THE PROBLEM:
Give again the lines of the data from its first line through the line with "#2164 = ORIENTED_EDGE". Change nothing.

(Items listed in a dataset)
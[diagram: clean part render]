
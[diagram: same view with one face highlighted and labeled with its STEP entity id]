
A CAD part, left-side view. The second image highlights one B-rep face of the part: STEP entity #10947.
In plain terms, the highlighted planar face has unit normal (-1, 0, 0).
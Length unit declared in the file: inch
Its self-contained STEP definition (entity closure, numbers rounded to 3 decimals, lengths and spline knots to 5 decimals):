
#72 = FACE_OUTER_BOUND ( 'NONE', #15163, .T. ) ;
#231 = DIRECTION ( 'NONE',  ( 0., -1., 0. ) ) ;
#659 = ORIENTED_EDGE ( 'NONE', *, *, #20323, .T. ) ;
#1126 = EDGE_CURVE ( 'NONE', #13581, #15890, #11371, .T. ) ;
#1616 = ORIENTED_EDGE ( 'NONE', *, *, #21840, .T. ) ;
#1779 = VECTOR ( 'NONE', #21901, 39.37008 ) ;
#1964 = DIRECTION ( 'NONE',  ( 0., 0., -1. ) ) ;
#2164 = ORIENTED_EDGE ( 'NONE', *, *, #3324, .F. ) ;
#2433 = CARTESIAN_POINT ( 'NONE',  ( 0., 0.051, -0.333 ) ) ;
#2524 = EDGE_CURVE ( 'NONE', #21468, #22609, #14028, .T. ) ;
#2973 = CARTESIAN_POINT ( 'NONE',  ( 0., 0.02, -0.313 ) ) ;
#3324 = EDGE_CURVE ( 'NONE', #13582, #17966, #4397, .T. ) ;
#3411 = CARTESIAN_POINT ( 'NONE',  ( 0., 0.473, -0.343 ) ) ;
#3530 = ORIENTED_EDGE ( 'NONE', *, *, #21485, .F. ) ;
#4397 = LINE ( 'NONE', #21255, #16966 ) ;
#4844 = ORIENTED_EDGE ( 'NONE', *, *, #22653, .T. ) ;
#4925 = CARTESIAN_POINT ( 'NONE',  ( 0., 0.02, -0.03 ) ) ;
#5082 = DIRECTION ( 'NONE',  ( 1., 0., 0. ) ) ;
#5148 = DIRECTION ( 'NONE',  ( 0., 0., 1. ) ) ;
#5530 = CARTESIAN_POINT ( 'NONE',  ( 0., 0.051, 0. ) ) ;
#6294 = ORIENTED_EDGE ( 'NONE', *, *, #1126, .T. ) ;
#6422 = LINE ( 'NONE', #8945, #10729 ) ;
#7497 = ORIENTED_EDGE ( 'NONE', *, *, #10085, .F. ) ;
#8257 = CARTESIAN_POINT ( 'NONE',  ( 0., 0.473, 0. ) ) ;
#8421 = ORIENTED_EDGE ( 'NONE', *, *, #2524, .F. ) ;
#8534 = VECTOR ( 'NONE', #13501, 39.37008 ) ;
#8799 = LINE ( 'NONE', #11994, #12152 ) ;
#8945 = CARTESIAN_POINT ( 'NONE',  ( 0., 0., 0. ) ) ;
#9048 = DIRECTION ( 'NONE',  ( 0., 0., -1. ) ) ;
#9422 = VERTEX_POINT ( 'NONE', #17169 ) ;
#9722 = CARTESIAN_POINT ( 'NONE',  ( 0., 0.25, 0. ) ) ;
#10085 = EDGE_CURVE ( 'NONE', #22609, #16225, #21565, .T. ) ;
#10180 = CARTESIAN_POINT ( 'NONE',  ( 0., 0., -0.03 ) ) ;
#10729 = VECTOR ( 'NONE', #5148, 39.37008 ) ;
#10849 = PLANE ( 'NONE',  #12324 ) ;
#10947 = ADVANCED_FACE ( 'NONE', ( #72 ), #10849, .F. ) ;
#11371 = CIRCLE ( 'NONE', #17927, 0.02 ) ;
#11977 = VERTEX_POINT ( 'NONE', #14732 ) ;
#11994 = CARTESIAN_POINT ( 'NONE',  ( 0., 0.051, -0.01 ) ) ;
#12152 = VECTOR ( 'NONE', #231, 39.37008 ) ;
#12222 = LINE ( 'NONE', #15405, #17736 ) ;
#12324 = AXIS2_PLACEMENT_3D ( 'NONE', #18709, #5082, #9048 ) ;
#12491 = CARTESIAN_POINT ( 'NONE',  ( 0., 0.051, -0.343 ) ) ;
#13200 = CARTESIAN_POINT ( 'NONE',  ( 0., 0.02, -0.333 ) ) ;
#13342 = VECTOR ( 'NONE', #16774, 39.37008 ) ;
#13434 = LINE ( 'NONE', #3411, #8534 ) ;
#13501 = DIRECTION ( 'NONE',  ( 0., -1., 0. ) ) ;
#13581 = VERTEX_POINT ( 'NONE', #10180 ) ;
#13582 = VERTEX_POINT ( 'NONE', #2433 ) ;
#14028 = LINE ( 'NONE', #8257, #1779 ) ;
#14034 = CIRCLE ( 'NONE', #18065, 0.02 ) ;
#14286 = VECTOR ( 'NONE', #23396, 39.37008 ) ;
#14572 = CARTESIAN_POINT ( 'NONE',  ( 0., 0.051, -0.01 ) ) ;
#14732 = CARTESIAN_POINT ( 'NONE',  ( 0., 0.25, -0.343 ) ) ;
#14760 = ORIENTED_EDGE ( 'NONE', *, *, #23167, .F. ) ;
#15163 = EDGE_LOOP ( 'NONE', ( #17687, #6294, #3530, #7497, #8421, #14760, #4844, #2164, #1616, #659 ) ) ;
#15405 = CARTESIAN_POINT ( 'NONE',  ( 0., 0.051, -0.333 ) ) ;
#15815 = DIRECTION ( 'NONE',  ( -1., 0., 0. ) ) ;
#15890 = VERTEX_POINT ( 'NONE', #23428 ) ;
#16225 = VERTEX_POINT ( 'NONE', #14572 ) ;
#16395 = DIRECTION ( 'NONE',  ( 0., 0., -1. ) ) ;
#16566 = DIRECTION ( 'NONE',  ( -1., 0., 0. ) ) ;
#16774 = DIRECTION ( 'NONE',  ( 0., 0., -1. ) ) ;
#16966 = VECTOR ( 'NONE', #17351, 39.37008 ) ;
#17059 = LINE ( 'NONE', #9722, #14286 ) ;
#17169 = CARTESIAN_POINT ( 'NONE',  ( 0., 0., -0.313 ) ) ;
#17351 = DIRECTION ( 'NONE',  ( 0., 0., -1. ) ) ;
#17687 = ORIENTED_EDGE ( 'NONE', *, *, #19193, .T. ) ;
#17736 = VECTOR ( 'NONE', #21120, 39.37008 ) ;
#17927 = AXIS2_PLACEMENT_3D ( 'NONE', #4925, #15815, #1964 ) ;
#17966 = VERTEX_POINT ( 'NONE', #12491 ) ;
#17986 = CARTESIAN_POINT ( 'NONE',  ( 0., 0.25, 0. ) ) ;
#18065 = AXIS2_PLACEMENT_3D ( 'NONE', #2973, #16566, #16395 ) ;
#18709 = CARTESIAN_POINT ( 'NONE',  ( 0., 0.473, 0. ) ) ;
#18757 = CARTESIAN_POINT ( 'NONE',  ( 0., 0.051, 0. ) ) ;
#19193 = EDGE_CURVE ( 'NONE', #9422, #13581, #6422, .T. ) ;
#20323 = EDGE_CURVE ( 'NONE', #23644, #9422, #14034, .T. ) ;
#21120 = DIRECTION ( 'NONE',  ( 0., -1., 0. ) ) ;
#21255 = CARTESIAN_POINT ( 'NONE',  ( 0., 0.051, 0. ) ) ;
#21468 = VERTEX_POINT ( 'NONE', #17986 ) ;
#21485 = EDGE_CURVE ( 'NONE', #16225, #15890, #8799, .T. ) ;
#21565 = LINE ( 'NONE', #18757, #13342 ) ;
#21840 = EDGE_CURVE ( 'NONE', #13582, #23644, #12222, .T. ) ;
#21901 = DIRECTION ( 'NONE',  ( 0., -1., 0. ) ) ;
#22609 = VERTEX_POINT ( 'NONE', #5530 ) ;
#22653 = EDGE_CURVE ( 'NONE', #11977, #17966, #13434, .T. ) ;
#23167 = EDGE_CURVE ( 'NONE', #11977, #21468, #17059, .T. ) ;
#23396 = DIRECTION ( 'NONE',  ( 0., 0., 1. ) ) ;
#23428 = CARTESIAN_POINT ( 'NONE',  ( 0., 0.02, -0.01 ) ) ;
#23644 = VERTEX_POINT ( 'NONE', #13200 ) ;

YOUR SOLUTION:
[diagram: clean part render]
[diagram: same view with one face highlighted and labeled with its STEP entity id]
A CAD part, left-side view. The second image highlights one B-rep face of the part: STEP entity #10947.
In plain terms, the highlighted planar face has unit normal (-1, 0, 0).
Length unit declared in the file: inch
Its self-contained STEP definition (entity closure, numbers rounded to 3 decimals, lengths and spline knots to 5 decimals):
#72 = FACE_OUTER_BOUND ( 'NONE', #15163, .T. ) ;
#231 = DIRECTION ( 'NONE',  ( 0., -1., 0. ) ) ;
#659 = ORIENTED_EDGE ( 'NONE', *, *, #20323, .T. ) ;
#1126 = EDGE_CURVE ( 'NONE', #13581, #15890, #11371, .T. ) ;
#1616 = ORIENTED_EDGE ( 'NONE', *, *, #21840, .T. ) ;
#1779 = VECTOR ( 'NONE', #21901, 39.37008 ) ;
#1964 = DIRECTION ( 'NONE',  ( 0., 0., -1. ) ) ;
#2164 = ORIENTED_EDGE ( 'NONE', *, *, #3324, .F. ) ;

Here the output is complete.